While there has been rapid progress in adapting open-source LLMs to medical20,21 and general reasoning tasks22, we found that both biomedically fine-tuned LLMs and general reasoning models did not outperform the base instruction-tuned Llama-3.1 8B model in clinical information extraction. Specifically, we found that Llama-3-8B-UltraMedical and PMC-Llama 13B obtained substantially worse performance than Llama-3.1 8B. Leading reasoning LLMs, including deepseek-r1-distill-llama-8b, obtained similar performance to Llama-3.1 8B, despite the use of intermediate reasoning steps. In contrast, our fine-tuned Llama-3.1 significantly exceeded the zero-shot Llama-3.1 model, obtaining human-level performance.

We found that open-source LLMs address the limitations of traditional NLP techniques.
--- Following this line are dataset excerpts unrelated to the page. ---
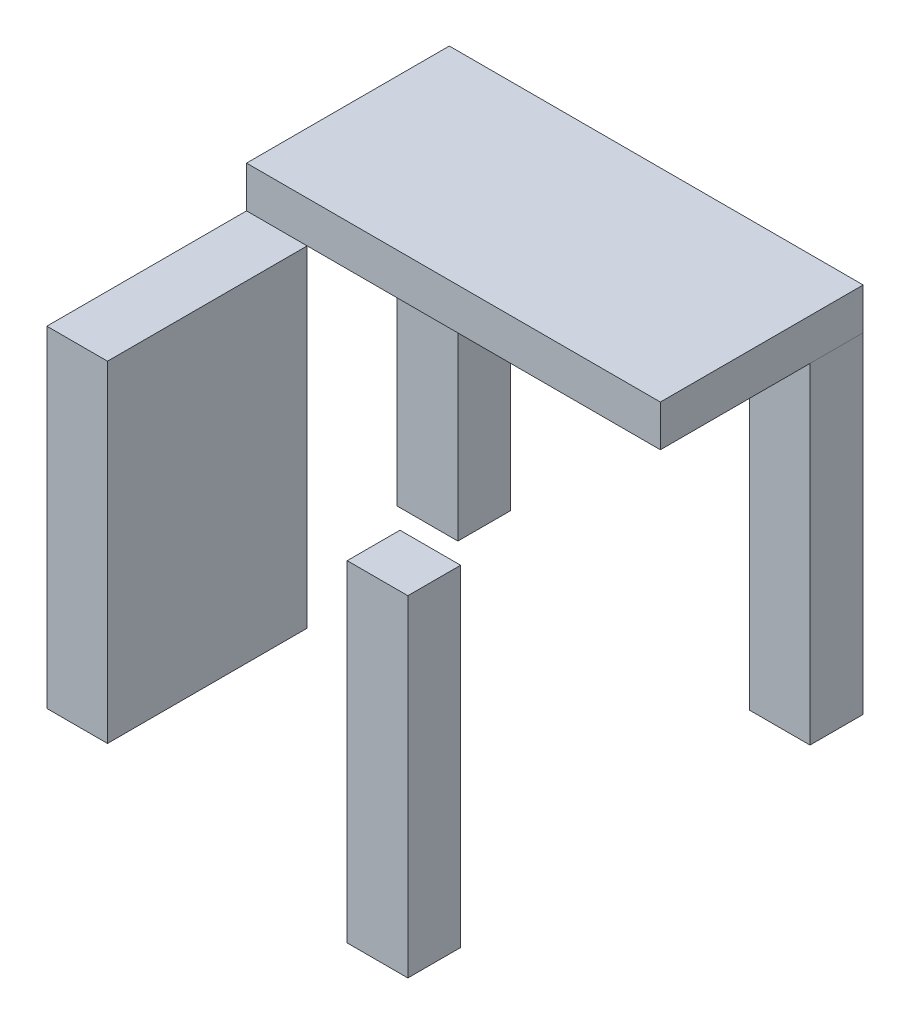
ISO-10303-21;
HEADER;
FILE_DESCRIPTION(('STEP AP214'),'2;1');
FILE_NAME('part.step','',(''),(''),'','','');
FILE_SCHEMA(('AUTOMOTIVE_DESIGN { 1 0 10303 214 1 1 1 1 }'));
ENDSEC;
DATA;
#1=APPLICATION_CONTEXT('core data for automotive mechanical design processes');
#2=APPLICATION_PROTOCOL_DEFINITION('international standard','automotive_design',2000,#1);
#3=PRODUCT_CONTEXT('',#1,'mechanical');
#4=PRODUCT('Part','Part','',(#3));
#5=PRODUCT_RELATED_PRODUCT_CATEGORY('part','',(#4));
#6=PRODUCT_DEFINITION_FORMATION('','',#4);
#7=PRODUCT_DEFINITION_CONTEXT('part definition',#1,'design');
#8=PRODUCT_DEFINITION('design','',#6,#7);
#9=PRODUCT_DEFINITION_SHAPE('','',#8);
#10=(LENGTH_UNIT() NAMED_UNIT(*) SI_UNIT(.MILLI.,.METRE.));
#11=(NAMED_UNIT(*) PLANE_ANGLE_UNIT() SI_UNIT($,.RADIAN.));
#12=(NAMED_UNIT(*) SI_UNIT($,.STERADIAN.) SOLID_ANGLE_UNIT());
#13=UNCERTAINTY_MEASURE_WITH_UNIT(LENGTH_MEASURE(1.E-05),#10,'distance_accuracy_value','');
#14=(GEOMETRIC_REPRESENTATION_CONTEXT(3) GLOBAL_UNCERTAINTY_ASSIGNED_CONTEXT((#13)) GLOBAL_UNIT_ASSIGNED_CONTEXT((#10,
#11,#12)) REPRESENTATION_CONTEXT('',''));
#15=CARTESIAN_POINT('',(0.,0.,0.));
#16=DIRECTION('',(0.,0.,1.));
#17=DIRECTION('',(1.,0.,0.));
#18=AXIS2_PLACEMENT_3D('',#15,#16,#17);
#19=CARTESIAN_POINT('',(85.36181093433,-80.,110.034688240795));
#20=DIRECTION('',(1.,0.,0.));
#21=DIRECTION('',(0.,0.,-1.));
#22=AXIS2_PLACEMENT_3D('',#19,#20,#21);
#23=PLANE('',#22);
#24=DIRECTION('',(0.,0.,-1.));
#25=VECTOR('',#24,1.);
#26=CARTESIAN_POINT('',(85.36181093433,0.,110.034688240795));
#27=LINE('',#26,#25);
#28=CARTESIAN_POINT('',(85.36181093433,0.,110.034688240795));
#29=VERTEX_POINT('',#28);
#30=CARTESIAN_POINT('',(85.36181093433,0.,97.2842820171065));
#31=VERTEX_POINT('',#30);
#32=EDGE_CURVE('E107',#29,#31,#27,.T.);
#33=ORIENTED_EDGE('',*,*,#32,.T.);
#34=DIRECTION('',(0.,1.,0.));
#35=VECTOR('',#34,1.);
#36=CARTESIAN_POINT('',(85.36181093433,-80.,97.2842820171065));
#37=LINE('',#36,#35);
#38=CARTESIAN_POINT('',(85.36181093433,-80.,97.2842820171065));
#39=VERTEX_POINT('',#38);
#40=EDGE_CURVE('E12',#39,#31,#37,.T.);
#41=ORIENTED_EDGE('',*,*,#40,.F.);
#42=DIRECTION('',(0.,0.,-1.));
#43=VECTOR('',#42,1.);
#44=CARTESIAN_POINT('',(85.36181093433,-80.,110.034688240795));
#45=LINE('',#44,#43);
#46=CARTESIAN_POINT('',(85.36181093433,-80.,110.034688240795));
#47=VERTEX_POINT('',#46);
#48=EDGE_CURVE('E95',#47,#39,#45,.T.);
#49=ORIENTED_EDGE('',*,*,#48,.F.);
#50=DIRECTION('',(0.,1.,0.));
#51=VECTOR('',#50,1.);
#52=CARTESIAN_POINT('',(85.36181093433,-80.,110.034688240795));
#53=LINE('',#52,#51);
#54=EDGE_CURVE('E103',#47,#29,#53,.T.);
#55=ORIENTED_EDGE('',*,*,#54,.T.);
#56=EDGE_LOOP('',(#33,#41,#49,#55));
#57=FACE_BOUND('',#56,.T.);
#58=ADVANCED_FACE('F44',(#57),#23,.F.);
#59=CARTESIAN_POINT('',(85.36181093433,-80.,97.2842820171065));
#60=DIRECTION('',(0.,0.,1.));
#61=DIRECTION('',(1.,0.,0.));
#62=AXIS2_PLACEMENT_3D('',#59,#60,#61);
#63=PLANE('',#62);
#64=DIRECTION('',(1.,0.,0.));
#65=VECTOR('',#64,1.);
#66=CARTESIAN_POINT('',(85.36181093433,0.,97.2842820171065));
#67=LINE('',#66,#65);
#68=CARTESIAN_POINT('',(100.019107271016,0.,97.2842820171065));
#69=VERTEX_POINT('',#68);
#70=EDGE_CURVE('E99',#31,#69,#67,.T.);
#71=ORIENTED_EDGE('',*,*,#70,.T.);
#72=DIRECTION('',(0.,1.,0.));
#73=VECTOR('',#72,1.);
#74=CARTESIAN_POINT('',(100.019107271016,-80.,97.2842820171065));
#75=LINE('',#74,#73);
#76=CARTESIAN_POINT('',(100.019107271016,-80.,97.2842820171065));
#77=VERTEX_POINT('',#76);
#78=EDGE_CURVE('E52',#77,#69,#75,.T.);
#79=ORIENTED_EDGE('',*,*,#78,.F.);
#80=DIRECTION('',(1.,0.,0.));
#81=VECTOR('',#80,1.);
#82=CARTESIAN_POINT('',(85.36181093433,-80.,97.2842820171065));
#83=LINE('',#82,#81);
#84=EDGE_CURVE('E90',#39,#77,#83,.T.);
#85=ORIENTED_EDGE('',*,*,#84,.F.);
#86=ORIENTED_EDGE('',*,*,#40,.T.);
#87=EDGE_LOOP('',(#71,#79,#85,#86));
#88=FACE_BOUND('',#87,.T.);
#89=ADVANCED_FACE('F98',(#88),#63,.F.);
#90=CARTESIAN_POINT('',(100.019107271016,-80.,110.034688240795));
#91=DIRECTION('',(-1.,0.,0.));
#92=DIRECTION('',(0.,0.,1.));
#93=AXIS2_PLACEMENT_3D('',#90,#91,#92);
#94=PLANE('',#93);
#95=DIRECTION('',(0.,0.,1.));
#96=VECTOR('',#95,1.);
#97=CARTESIAN_POINT('',(100.019107271016,0.,110.034688240795));
#98=LINE('',#97,#96);
#99=CARTESIAN_POINT('',(100.019107271016,0.,110.034688240795));
#100=VERTEX_POINT('',#99);
#101=EDGE_CURVE('E77',#69,#100,#98,.T.);
#102=ORIENTED_EDGE('',*,*,#101,.T.);
#103=DIRECTION('',(0.,1.,0.));
#104=VECTOR('',#103,1.);
#105=CARTESIAN_POINT('',(100.019107271016,-80.,110.034688240795));
#106=LINE('',#105,#104);
#107=CARTESIAN_POINT('',(100.019107271016,-80.,110.034688240795));
#108=VERTEX_POINT('',#107);
#109=EDGE_CURVE('E100',#108,#100,#106,.T.);
#110=ORIENTED_EDGE('',*,*,#109,.F.);
#111=DIRECTION('',(0.,0.,1.));
#112=VECTOR('',#111,1.);
#113=CARTESIAN_POINT('',(100.019107271016,-80.,110.034688240795));
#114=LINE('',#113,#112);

Trivedi et al.27 previously evaluated the performance of conventional NLP techniques applied to breast pathology reports and found that performance was lower for cases over 1024 characters with an F-measure of 0.83. In contrast, we saw consistent performance across our datasets, where all reports across all test sets contained over 1024 characters. Yala et al.6 developed statistical machine-learning tools for parsing breast pathology reports; while the tool achieved an exact-match accuracy of 90%, it required over 6000 annotations to reach this performance. In contrast, we demonstrated that we could achieve human-level results leveraging only ≤ 100 training set reports, addressing the primary limitation of this prior work. As a flexible framework for low-code evaluation of new models, Strata complements recent advances in LLM adaptation for low-resource biomedical settings. Given Strata, valuable directions for future work include detailed investigations in targeted prompt tuning, output correction strategies, and alternative learning rate schedules.

Our study has limitations. We used datasets from two tertiary academic institutions, which may not account for variability in pathology report structures, terminology, and style across different institutions. Our clinical information extraction tasks only capture a fraction of the data elements in clinical reports. Additional work is needed to broaden our results to more tasks and institutions.

Conclusion

Our study shows that fine-tuned open-source LLMs can achieve human-level performance while leveraging modest annotation (i.e., ≤ 100 reports) and computational resources (i.e., <$3.00). Self-hosted open-source LLMs offer a compelling and high-performance alternative to commercial LLMs. We release Strata, our lightweight library, to broaden access to these tools.